I got about a 5th of the way in, started skimming and found nothing but fat in
a nearly meatless article and a whole lot of ferrari stroking.

This author needs to learn how to condense his words to get his message
across.

Edit (using freesummarizer.com, which I'm no part of):

For a job like this, Prince Hakeem knew just who to turn to: legendary
automotive design house Carozzeria Pininfarina, which had already completed
one-off versions of Ferraris, Bentleys, Jaguars, and other historic marques
for the Royal Family.

What Garella's team built would become one of the most mysterious and
compelling supercars ever, one that would come to be known as the Ferrari FX.

Garella was 35 when the FX project came to him, and uniquely qualified to make
the prince's dream car a reality.

Pininfarina opted for the Ferrari Testarossa as the platform for the new car.

Pininfarina built three FXs, and continued experimenting with the Prodrive
transmission, adding it to a couple Ferrari F355s more than a year before
Ferrari made its F355 F1 the first production car with a semi-automatic
transmission, in 1997.

Five of Garella's FXs were painted the same familiar Ferrari red; the other,
FX No.

Once it had possession of the car, Williams used a team from their F1 arm to
build the new and improved transmission system in FX No.

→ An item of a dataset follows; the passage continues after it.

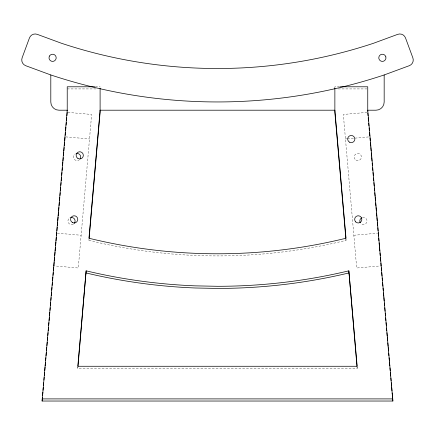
<?xml version="1.0" encoding="UTF-8"?>
<svg xmlns="http://www.w3.org/2000/svg" width="435" height="435" viewBox="0 0 435 435"><rect width="100%" height="100%" fill="white"/><g stroke="black" fill="none" stroke-linecap="round" stroke-linejoin="round"><path stroke-width="0.33" stroke-dasharray="2.17 1.63" d="M357.151 366.803L357.151 368.401L77.822 368.401L77.941 367.048M346.01 239.304L346.01 240.37A537.127 535.104 0 0 1 88.963 240.37L89.077 239.022M367.086 112.388L343.335 114.459L356.689 267.993L381.109 265.867M345.466 138.95L346.782 138.836M347.445 138.781L369.217 136.884M353.845 235.259L377.596 233.193M95.406 86.788L100.104 86.788M339.566 86.788L334.868 86.788L334.868 88.387M67.224 88.919L96.749 88.919M338.223 88.919L367.075 88.919M67.882 112.388L91.638 114.459L78.278 267.993L53.864 265.867M65.75 136.884L89.507 138.95M57.371 233.193L81.127 235.259M345.89 239.022L346.01 240.37M357.032 367.048L357.151 368.401M88.963 239.304L88.963 240.37M77.822 366.803L77.822 368.401M362.491 217.549A3.6 3.589 -5 0 1 366.895 221.937A3.6 3.589 -5 0 1 360.876 223.557M79.665 159.542A3.6 3.589 5 0 1 74.265 159.177A3.6 3.589 5 0 1 75.326 153.887M73.352 224.123A3.6 3.589 5 0 1 68.224 222.383A3.6 3.589 5 0 1 70.622 217.549M356.047 160.102A3.6 3.589 -5 0 0 361.447 156.997A3.6 3.589 -5 0 0 356.047 153.892A3.6 3.589 -5 0 0 356.047 160.102"/><path stroke-width="0.65" d="M384.17 74.956L384.17 102.029A8.167 8.167 0 0 1 375.998 110.202L367.749 110.202L392.87 401.032L42.103 401.032L67.224 110.202L58.975 110.202A8.167 8.167 0 0 1 50.803 102.029L50.803 74.956L25.681 65.696A6.166 6.166 0 0 1 22.125 57.811L29.455 37.932A6.063 6.063 0 0 1 37.241 34.343L61.357 43.228A494.693 494.693 0 0 0 373.616 43.228L397.731 34.343A6.046 6.046 0 0 1 405.507 37.916L412.88 57.909A6.063 6.063 0 0 1 409.286 65.696L384.17 74.956A528.128 528.128 0 0 1 50.803 74.956M42.103 401.032L42.396 397.655M42.576 395.627L42.869 392.245M43.043 390.217L43.277 387.514M43.456 385.486L43.69 382.778M43.924 380.076L44.163 377.368M44.337 375.34L44.571 372.637M44.751 370.609L45.044 367.227M45.164 365.878L45.457 362.496M45.631 360.468L45.871 357.766M46.045 355.732L46.338 352.355M46.518 350.327L46.752 347.619M46.926 345.591L47.219 342.214M47.399 340.186L47.632 337.478M47.812 335.45L48.046 332.748M48.22 330.72L48.513 327.337M48.693 325.309L48.927 322.607M49.106 320.579L49.4 317.197M49.514 315.843L49.807 312.466M49.987 310.432L50.221 307.73M50.4 305.702L50.694 302.32M50.868 300.291L51.102 297.589M51.281 295.561L51.575 292.179M51.749 290.15L51.988 287.448M52.162 285.42L52.396 282.712M52.575 280.684L52.869 277.307M53.043 275.279L53.282 272.571M53.456 270.543L53.75 267.166M53.864 265.867L54.163 262.43M54.283 261.076L54.576 257.699M54.745 255.72L55.044 252.289M55.158 250.984L55.457 247.558M55.631 245.574L55.925 242.192M56.044 240.838L56.338 237.412M56.512 235.427L56.751 232.681M56.925 230.697L57.224 227.271M57.355 225.727L57.648 222.356M57.768 221.013L58.1 217.168M58.219 215.814L58.529 212.258M58.633 211.078L58.937 207.544M59.1 205.668L59.399 202.259M59.513 200.937L59.818 197.441M59.986 195.527L60.226 192.727M60.394 190.791L60.699 187.338M60.867 185.381L61.107 182.624M61.281 180.645L61.574 177.235M61.748 175.234L61.987 172.505M62.161 170.498L62.401 167.774M62.575 165.789L62.868 162.364M62.988 161.032L63.282 157.633M63.45 155.686L63.755 152.223M63.863 150.972L64.162 147.492M64.331 145.584L64.625 142.218M64.739 140.869L65.049 137.351M65.223 135.328L65.457 132.615M65.636 130.592L65.93 127.205M66.104 125.182L66.343 122.474M66.517 120.451L66.751 117.744M66.93 115.715L67.224 112.333M86.125 270.831L77.822 366.27L357.151 366.27L348.848 270.831A563.608 561.482 0 0 1 217.484 286.295L195.397 285.86A563.608 561.482 0 0 1 86.125 270.831L77.995 366.373M89.137 238.347L100.104 112.333L100.104 88.126M94.732 86.788L67.224 86.788L67.224 110.996M340.235 86.788L367.749 86.788L367.749 111.268M42.103 398.9L392.87 398.9M367.809 113.008L368.043 115.715M368.217 117.744L368.51 121.126M368.69 123.148L368.923 125.862M369.103 127.885L369.337 130.592M369.511 132.615L369.81 136.003M369.984 138.025L370.228 140.869M370.397 142.756L370.702 146.258M370.816 147.601L371.109 150.972M371.278 152.897L371.572 156.279M371.691 157.633L371.985 161.032M372.159 163.043L372.398 165.789M372.572 167.774L372.811 170.498M372.985 172.505L373.279 175.909M373.453 177.91L373.692 180.645M373.866 182.624L374.16 186.055M374.334 188.012L374.573 190.791M374.742 192.727L375.046 196.201M375.16 197.523L375.459 200.937M375.622 202.83L375.916 206.195M376.03 207.544L376.34 211.078M376.503 212.927L376.792 216.298M376.911 217.641L377.205 221.013M377.335 222.541L377.634 225.961M377.792 227.744L378.048 230.697M378.222 232.681L378.515 236.107M378.689 238.092L378.928 240.838M379.103 242.822L379.402 246.253M379.516 247.558L379.815 250.984M379.983 252.963L380.223 255.72M380.397 257.699L380.69 261.076M380.864 263.104L381.109 265.867M381.277 267.84L381.517 270.543M381.691 272.571L381.984 275.953M382.164 277.981L382.398 280.684M382.572 282.712L382.865 286.094M383.045 288.122L383.278 290.83M383.458 292.858L383.752 296.235M383.866 297.589L384.159 300.971M384.339 302.999L384.573 305.702M384.752 307.73L385.046 311.112M385.22 313.14L385.453 315.843M385.633 317.871L385.867 320.579M386.046 322.607L386.34 325.984M386.514 328.012L386.748 330.72M386.927 332.748L387.221 336.13M387.34 337.478L387.634 340.861M387.808 342.889L388.102 346.271M388.221 347.619L388.515 351.001M388.689 353.03L388.928 355.732M389.102 357.766L389.396 361.142M389.515 362.496L389.809 365.878M389.988 367.907L390.222 370.609M390.396 372.637L390.69 376.019M390.869 378.048L391.103 380.75M391.282 382.778L391.576 386.16M391.69 387.514L391.984 390.891M392.163 392.919L392.457 396.301M392.577 397.655L392.87 401.032M345.836 238.347L334.868 112.333L334.868 88.126M348.848 270.831L356.972 366.373M348.848 272.962A563.608 561.482 0 0 1 217.484 288.427L195.397 287.992A563.608 561.482 0 0 1 86.125 272.962M360.3 222.812A3.6 3.589 -5 0 1 361.621 217.902M76.196 153.528A3.6 3.589 5 0 1 80.241 158.797M70.622 217.549A3.6 3.589 5 0 1 74.097 223.557M100.104 110.202L88.963 238.239A537.127 535.104 0 0 0 346.01 238.239L334.868 110.202L100.104 110.202M49.487 56.012L49.128 56.882A3.594 3.594 0 0 0 53.222 61.351A3.594 3.594 0 0 0 55.544 55.751A3.594 3.594 0 0 0 49.487 56.012M385.845 56.882L385.486 56.012A3.594 3.594 0 0 0 379.429 55.751A3.594 3.594 0 0 0 381.745 61.351A3.594 3.594 0 0 0 385.845 56.882M355.71 221.91A3.594 3.594 0 0 0 361.724 220.3A3.594 3.594 0 0 0 357.325 215.896A3.594 3.594 0 0 0 355.71 221.91M77.936 158.46A3.6 3.589 0 0 0 83.335 155.349A3.6 3.589 0 0 0 77.936 152.245A3.6 3.589 0 0 0 77.936 158.46M349.463 142.158A3.6 3.589 0 0 0 354.868 139.053A3.6 3.589 0 0 0 349.463 135.948A3.6 3.589 0 0 0 349.463 142.158M72.362 222.475A3.6 3.589 0 0 0 77.767 219.365A3.6 3.589 0 0 0 72.362 216.26A3.6 3.589 0 0 0 72.362 222.475"/></g></svg>

4 has spent the majority of its life, occupying a space between the AR1 and
another Pininfarina creation for the Royal Family: a forest-green convertible
based on the Ferrari 456 four-seater, called the Venice (like the FX, there
are several of these still in Brunei, possibly dozens if you count the custom
sedan and wagon versions).

In his article, Goodfellow raved that the low weight and advanced technology
in the FX made it a thrill to drive: "While this Ferrari pulls with more
alacrity than any TR, what makes the FX truly extraordinary when run hard
through the gears is the way the engine works in concert with the
transmission: it delivers an excitement that the heavier, production TRs or
any 355 or 360 can't touch." Vincent Marconi and Englehart plan to get back
around to finishing the project one day, but the museum has lots of cars that
need attention and the FX isn't very high on the priority list.